Last updated 10/4/2024
Model overview

audiogen is a model developed by Sepal that can generate sounds from text prompts. It is similar to other audio-related models like musicgen from Meta, which generates music from prompts, and styletts2 from Adirik, which generates speech from text. audiogen can be used to create a wide variety of sounds, from ambient noise to sound effects, based on the text prompt provided.

Model inputs and outputs

audiogen takes a text prompt as the main input, along with several optional parameters to control the output, such as duration, temperature, and output format. The model then generates an audio file in the specified format that represents the sounds described by the prompt.


  • Prompt: A text description of the sounds to be generated
  • Duration: The maximum duration of the generated audio (in seconds)
  • Temperature: Controls the "conservativeness" of the sampling process, with higher values producing more diverse outputs
  • Classifier Free Guidance: Increases the influence of the input prompt on the output
  • Output Format: The desired output format for the generated audio (e.g., WAV)

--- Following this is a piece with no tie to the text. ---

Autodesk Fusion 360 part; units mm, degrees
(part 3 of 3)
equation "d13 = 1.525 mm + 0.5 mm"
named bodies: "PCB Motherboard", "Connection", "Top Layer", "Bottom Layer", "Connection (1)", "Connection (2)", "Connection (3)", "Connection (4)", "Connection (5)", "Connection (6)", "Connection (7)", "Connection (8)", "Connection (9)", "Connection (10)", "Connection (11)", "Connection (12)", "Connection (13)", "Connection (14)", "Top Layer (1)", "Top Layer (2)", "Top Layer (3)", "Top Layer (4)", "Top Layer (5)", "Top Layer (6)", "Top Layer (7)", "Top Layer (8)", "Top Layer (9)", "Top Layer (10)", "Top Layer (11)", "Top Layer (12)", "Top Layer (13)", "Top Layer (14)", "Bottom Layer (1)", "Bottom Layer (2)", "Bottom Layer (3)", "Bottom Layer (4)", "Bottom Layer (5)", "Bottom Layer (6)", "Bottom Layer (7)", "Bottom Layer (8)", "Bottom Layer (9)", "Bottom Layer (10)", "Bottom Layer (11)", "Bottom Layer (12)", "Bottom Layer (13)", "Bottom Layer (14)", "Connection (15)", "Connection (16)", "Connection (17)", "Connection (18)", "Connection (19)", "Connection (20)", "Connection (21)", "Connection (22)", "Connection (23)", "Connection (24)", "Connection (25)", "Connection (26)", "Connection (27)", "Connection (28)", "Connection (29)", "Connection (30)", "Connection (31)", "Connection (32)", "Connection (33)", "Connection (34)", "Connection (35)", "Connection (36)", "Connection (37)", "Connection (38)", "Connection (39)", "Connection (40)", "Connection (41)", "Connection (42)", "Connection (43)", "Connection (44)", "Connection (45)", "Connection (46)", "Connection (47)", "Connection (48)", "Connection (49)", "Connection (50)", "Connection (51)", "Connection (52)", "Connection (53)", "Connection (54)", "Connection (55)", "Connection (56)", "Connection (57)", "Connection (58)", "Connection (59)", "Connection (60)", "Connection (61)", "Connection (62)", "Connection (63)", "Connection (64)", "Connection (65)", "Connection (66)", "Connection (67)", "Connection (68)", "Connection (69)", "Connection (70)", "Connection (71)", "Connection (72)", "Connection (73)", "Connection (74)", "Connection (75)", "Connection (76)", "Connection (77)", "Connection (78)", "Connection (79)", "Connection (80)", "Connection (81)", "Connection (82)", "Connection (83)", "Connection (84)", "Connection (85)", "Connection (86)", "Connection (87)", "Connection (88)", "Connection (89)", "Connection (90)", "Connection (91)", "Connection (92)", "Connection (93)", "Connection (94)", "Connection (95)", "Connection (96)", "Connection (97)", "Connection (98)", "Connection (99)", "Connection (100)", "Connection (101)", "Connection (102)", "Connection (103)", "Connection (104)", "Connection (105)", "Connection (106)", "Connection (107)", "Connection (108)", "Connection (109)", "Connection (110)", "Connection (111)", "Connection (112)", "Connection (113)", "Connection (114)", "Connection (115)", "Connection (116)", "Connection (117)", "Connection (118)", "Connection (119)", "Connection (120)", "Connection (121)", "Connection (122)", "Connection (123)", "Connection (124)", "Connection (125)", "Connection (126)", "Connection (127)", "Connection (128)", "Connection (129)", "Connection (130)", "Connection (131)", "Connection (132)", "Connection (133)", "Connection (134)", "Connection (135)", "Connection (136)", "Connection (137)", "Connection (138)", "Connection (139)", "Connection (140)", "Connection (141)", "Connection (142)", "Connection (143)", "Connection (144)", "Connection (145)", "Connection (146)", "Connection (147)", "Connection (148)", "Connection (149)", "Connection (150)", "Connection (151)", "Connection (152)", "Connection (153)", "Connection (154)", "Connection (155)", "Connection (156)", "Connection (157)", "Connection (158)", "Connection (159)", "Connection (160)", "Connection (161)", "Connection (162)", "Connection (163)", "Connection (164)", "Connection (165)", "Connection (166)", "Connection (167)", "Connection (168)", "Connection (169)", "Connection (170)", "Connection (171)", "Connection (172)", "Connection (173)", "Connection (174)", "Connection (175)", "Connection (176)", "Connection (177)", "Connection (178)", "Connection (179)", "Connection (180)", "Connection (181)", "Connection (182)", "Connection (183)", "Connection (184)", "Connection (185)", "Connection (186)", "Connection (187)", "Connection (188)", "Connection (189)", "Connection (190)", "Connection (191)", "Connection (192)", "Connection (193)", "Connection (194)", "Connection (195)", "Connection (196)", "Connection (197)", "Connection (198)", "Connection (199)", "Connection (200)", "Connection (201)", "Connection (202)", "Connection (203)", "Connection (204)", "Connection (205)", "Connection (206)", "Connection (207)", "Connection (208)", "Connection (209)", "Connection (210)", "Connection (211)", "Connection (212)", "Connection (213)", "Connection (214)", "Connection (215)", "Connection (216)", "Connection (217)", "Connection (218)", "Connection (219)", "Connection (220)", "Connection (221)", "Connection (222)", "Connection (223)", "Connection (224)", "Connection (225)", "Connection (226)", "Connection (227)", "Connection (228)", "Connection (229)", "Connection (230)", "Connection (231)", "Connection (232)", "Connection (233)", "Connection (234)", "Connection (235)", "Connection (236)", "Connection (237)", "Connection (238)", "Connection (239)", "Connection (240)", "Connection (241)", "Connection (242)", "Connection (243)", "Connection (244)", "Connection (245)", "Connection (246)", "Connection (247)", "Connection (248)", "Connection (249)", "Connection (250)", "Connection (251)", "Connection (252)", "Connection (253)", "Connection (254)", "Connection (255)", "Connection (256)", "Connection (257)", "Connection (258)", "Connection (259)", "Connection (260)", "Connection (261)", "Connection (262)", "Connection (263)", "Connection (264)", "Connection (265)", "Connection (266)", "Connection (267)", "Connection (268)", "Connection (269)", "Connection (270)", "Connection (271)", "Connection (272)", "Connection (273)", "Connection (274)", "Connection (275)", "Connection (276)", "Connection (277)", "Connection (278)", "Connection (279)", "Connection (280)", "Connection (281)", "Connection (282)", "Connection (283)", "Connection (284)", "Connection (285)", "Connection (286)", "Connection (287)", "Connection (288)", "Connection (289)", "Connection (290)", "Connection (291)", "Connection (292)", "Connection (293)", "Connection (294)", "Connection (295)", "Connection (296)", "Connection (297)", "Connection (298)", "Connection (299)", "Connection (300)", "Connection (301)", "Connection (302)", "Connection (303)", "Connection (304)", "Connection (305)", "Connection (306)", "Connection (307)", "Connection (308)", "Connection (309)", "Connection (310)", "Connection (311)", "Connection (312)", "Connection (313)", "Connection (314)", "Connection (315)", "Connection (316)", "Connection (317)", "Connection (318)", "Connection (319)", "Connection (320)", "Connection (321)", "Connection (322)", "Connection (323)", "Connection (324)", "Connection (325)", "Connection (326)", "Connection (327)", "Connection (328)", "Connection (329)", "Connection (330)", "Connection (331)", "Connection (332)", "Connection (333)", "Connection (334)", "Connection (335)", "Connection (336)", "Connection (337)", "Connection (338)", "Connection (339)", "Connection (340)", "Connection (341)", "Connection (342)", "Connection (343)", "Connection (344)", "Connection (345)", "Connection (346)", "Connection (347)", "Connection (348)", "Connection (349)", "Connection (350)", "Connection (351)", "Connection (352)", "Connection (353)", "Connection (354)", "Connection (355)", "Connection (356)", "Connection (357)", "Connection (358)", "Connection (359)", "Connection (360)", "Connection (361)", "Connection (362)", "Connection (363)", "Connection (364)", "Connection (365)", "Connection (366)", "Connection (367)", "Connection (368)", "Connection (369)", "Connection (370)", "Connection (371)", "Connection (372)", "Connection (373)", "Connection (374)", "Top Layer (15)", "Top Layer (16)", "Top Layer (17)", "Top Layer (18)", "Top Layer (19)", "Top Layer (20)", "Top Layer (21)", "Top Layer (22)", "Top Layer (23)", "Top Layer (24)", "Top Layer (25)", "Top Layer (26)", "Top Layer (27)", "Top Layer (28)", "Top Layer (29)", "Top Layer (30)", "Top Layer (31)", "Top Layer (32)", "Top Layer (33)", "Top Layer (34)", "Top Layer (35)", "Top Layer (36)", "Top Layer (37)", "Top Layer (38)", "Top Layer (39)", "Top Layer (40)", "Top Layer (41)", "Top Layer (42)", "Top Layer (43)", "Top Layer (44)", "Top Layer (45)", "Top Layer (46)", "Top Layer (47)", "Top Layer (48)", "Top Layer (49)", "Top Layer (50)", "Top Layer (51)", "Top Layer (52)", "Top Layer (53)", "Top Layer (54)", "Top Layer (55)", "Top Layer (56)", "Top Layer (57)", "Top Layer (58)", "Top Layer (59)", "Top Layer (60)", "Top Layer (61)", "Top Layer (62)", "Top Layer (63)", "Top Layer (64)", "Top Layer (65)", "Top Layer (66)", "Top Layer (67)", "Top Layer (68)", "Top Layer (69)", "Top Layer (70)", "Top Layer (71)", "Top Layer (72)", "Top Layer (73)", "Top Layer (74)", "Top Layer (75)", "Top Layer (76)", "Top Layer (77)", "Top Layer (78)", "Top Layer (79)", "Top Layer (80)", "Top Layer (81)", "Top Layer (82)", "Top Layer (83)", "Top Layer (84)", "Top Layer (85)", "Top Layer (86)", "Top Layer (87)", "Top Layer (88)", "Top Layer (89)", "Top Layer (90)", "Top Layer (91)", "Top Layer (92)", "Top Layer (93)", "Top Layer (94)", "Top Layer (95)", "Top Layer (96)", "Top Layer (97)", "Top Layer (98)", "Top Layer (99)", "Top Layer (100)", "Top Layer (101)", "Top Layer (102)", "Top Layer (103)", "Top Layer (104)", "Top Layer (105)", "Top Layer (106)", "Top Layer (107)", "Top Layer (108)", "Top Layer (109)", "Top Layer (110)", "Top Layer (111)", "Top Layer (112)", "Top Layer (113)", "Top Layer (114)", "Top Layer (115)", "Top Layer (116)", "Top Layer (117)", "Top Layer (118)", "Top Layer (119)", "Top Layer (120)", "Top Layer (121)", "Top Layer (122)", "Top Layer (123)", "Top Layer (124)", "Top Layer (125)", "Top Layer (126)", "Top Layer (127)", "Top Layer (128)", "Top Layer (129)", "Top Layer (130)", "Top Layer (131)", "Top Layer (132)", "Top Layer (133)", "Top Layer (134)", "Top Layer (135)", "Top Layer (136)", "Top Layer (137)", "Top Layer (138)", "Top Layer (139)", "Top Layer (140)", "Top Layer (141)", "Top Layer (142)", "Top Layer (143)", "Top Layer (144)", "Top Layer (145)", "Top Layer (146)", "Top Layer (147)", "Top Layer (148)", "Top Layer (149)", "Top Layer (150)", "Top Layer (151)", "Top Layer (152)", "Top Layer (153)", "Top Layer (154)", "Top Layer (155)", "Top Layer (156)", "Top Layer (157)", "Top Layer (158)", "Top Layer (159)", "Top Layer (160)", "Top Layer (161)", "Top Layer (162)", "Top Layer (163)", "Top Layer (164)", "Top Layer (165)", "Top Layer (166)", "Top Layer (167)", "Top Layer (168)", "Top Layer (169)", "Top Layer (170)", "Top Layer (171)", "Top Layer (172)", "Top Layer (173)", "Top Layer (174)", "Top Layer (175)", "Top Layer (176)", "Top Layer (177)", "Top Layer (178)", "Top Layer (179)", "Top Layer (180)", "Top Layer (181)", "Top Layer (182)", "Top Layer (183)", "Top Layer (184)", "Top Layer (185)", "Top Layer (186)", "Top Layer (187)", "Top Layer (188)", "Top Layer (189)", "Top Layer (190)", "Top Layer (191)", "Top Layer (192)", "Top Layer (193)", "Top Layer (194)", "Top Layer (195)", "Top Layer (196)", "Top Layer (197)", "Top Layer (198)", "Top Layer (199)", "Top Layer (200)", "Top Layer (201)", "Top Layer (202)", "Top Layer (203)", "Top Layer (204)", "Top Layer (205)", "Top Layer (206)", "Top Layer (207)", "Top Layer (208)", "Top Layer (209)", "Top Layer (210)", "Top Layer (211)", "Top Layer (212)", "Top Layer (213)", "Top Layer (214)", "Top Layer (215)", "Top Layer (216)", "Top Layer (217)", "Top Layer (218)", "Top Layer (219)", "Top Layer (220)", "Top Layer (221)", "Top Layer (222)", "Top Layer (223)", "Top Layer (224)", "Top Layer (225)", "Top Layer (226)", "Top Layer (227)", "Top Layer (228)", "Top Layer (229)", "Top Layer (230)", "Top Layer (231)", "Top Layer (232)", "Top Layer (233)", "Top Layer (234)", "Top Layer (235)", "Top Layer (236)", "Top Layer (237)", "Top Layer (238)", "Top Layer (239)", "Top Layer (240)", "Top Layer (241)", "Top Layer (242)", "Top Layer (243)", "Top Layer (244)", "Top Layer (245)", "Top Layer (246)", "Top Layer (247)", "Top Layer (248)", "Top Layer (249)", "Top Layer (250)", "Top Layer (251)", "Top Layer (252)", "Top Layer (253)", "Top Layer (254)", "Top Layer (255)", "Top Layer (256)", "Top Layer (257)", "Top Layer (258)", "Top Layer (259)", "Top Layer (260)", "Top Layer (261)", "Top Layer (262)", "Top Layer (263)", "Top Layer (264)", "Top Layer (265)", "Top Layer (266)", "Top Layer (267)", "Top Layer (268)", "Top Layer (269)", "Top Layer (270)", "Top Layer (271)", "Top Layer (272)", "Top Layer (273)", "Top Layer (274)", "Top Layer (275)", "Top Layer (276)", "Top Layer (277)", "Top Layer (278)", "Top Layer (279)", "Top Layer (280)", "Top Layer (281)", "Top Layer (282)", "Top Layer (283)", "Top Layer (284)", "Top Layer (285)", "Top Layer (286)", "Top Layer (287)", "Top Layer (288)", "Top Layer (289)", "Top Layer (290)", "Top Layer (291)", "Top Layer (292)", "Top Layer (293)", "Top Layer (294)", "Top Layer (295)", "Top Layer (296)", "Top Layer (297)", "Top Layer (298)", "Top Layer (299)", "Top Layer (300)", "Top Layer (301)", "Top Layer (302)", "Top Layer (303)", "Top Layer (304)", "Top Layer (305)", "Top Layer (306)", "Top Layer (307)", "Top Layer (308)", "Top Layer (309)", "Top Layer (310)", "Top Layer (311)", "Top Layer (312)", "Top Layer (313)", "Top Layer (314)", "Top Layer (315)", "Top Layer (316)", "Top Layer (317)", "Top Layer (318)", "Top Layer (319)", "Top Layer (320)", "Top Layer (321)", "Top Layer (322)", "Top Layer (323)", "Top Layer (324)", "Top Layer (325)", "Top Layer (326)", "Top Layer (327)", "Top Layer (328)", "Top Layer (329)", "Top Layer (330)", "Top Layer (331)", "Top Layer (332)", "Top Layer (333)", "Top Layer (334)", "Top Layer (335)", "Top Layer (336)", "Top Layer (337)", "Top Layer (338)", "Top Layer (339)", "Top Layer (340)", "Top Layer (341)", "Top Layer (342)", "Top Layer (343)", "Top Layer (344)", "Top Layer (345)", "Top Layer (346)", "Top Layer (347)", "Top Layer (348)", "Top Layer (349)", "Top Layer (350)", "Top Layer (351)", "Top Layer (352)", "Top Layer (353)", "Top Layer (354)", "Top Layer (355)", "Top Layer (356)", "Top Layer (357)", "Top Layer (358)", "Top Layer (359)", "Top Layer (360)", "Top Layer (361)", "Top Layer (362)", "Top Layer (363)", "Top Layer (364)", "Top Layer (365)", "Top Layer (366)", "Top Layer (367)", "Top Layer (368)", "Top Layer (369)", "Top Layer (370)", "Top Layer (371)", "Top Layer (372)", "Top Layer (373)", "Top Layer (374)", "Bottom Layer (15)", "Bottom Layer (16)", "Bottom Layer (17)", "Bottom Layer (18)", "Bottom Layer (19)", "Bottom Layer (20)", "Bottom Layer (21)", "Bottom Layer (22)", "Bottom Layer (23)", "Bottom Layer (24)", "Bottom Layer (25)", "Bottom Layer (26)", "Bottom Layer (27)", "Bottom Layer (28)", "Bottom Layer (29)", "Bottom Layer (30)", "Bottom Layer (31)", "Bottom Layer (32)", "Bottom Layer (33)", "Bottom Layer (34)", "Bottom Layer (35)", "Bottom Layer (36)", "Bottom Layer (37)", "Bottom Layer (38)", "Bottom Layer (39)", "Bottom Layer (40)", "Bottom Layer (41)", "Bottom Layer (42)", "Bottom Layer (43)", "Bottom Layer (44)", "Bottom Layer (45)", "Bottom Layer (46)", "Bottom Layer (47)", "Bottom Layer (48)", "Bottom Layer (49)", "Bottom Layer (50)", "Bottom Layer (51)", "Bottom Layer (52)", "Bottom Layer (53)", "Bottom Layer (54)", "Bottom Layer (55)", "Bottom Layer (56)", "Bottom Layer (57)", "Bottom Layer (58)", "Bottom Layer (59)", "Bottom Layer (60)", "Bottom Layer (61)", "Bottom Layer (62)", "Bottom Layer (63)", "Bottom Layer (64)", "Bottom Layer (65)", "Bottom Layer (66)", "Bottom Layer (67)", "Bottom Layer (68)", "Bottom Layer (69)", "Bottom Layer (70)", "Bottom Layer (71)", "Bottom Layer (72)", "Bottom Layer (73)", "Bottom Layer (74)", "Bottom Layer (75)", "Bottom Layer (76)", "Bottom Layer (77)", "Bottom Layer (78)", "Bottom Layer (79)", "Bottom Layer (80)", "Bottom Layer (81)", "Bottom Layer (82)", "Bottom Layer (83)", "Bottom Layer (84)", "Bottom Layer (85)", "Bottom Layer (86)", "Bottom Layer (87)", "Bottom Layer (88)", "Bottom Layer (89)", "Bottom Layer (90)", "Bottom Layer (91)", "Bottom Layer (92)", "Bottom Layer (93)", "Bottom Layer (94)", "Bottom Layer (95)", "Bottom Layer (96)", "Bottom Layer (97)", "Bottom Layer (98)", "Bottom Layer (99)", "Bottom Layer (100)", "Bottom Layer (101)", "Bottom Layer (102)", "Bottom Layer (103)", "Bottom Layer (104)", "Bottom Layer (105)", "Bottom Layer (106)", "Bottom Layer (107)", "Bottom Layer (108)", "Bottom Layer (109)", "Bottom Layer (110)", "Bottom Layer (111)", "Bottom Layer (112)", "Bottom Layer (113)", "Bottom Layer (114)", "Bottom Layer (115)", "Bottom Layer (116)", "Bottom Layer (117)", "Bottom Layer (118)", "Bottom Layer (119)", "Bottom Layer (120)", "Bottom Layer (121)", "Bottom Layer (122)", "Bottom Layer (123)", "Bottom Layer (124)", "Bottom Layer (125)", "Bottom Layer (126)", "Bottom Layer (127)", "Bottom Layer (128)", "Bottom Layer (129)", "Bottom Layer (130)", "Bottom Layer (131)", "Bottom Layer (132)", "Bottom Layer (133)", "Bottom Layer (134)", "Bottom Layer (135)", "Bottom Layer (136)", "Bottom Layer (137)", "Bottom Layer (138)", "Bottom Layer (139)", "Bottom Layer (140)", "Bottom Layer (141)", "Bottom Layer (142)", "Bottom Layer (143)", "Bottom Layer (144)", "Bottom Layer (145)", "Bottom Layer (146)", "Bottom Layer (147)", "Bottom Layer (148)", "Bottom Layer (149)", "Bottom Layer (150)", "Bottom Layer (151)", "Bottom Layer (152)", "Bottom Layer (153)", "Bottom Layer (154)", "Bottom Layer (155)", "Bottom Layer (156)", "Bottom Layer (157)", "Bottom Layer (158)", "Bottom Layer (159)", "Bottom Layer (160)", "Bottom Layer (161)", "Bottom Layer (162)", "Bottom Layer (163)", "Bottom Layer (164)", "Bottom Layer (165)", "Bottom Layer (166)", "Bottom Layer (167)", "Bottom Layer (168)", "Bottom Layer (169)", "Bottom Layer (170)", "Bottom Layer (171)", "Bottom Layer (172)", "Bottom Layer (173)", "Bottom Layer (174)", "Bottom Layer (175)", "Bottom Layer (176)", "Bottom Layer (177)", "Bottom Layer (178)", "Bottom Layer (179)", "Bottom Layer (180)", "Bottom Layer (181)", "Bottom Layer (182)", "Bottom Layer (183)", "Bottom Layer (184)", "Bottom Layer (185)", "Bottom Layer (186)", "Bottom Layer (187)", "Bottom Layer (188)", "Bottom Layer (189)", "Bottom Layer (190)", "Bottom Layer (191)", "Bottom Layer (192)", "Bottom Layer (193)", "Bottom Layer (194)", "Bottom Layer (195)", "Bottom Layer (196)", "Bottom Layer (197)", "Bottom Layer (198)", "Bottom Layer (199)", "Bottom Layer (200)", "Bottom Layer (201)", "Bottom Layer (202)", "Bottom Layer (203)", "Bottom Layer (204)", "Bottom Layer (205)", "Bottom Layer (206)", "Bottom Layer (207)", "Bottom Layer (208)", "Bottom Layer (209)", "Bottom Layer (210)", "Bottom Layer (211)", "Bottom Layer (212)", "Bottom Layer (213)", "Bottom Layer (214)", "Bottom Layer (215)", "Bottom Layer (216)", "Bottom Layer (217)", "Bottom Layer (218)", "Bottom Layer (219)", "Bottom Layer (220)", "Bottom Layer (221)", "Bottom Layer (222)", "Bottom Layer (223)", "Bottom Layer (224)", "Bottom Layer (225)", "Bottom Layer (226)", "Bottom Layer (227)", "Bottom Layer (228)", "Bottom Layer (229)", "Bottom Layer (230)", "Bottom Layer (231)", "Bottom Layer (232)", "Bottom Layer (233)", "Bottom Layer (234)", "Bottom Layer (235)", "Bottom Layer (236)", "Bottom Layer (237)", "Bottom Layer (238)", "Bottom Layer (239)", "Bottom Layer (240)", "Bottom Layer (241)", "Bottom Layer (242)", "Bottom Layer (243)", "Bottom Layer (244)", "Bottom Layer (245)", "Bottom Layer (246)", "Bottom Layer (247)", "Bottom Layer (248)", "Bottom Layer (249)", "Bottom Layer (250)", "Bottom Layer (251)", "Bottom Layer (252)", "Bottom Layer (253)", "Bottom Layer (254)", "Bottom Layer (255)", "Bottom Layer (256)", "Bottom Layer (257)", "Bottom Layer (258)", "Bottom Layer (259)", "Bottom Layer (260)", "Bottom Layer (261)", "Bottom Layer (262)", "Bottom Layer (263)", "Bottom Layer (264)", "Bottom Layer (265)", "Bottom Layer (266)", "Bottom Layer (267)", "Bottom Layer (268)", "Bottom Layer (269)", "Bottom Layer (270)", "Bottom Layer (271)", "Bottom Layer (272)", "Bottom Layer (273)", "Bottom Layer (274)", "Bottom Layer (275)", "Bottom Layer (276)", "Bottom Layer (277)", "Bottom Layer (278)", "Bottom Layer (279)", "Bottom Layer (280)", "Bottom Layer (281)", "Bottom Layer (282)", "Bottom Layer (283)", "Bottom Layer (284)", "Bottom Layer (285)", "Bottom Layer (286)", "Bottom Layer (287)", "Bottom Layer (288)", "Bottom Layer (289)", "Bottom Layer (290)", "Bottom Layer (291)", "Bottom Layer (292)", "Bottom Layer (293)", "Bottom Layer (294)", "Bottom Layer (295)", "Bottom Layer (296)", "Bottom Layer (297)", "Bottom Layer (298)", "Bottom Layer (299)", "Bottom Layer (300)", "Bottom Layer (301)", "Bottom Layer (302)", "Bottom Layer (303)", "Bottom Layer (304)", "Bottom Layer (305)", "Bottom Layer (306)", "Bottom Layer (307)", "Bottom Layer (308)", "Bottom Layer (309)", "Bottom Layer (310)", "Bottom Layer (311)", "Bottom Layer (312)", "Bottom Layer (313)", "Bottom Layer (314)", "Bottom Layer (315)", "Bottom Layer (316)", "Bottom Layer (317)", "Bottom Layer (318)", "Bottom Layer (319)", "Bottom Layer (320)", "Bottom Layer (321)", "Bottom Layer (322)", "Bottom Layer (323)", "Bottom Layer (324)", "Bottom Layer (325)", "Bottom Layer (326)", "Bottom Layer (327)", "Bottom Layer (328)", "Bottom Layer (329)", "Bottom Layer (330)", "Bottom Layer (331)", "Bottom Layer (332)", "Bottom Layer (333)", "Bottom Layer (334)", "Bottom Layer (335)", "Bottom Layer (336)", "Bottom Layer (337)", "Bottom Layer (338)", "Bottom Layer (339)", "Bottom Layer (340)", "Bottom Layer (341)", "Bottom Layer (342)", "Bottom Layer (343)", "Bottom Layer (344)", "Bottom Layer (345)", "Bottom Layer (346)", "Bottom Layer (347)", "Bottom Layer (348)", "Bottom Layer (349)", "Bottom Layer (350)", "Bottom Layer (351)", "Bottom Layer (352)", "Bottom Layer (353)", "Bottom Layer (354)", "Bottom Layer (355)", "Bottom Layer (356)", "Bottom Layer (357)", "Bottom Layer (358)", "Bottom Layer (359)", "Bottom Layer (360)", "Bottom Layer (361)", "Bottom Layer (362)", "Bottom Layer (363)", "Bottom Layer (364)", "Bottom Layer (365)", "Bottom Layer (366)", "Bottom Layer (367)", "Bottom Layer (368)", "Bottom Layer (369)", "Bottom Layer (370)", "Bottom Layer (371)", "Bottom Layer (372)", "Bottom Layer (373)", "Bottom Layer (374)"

  • Audio File: The generated audio file in the specified format


audiogen can create a wide range of sounds based on text prompts, from simple ambient noise to more complex sound effects. For example, you could use it to generate the sound of a babbling brook, a thunderstorm, or even the roar of a lion. The model's ability to generate diverse and realistic-sounding audio makes it a useful tool for tasks like audio production, sound design, and even voice user interface development.

What can I use it for?

audiogen could be used in a variety of projects that require audio generation, such as video game sound effects, podcast or audiobook background music, or even sound design for augmented reality or virtual reality applications. The model's versatility and ease of use make it a valuable tool for creators and developers working in these and other audio-related fields.

Things to try

One interesting aspect of audiogen is its ability to generate sounds that are both realistic and evocative. By crafting prompts that tap into specific emotions or sensations, users can explore the model's potential to create immersive audio experiences. For example, you could try generating the sound of a cozy fireplace or the peaceful ambiance of a forest, and then incorporate these sounds into a multimedia project or relaxation app.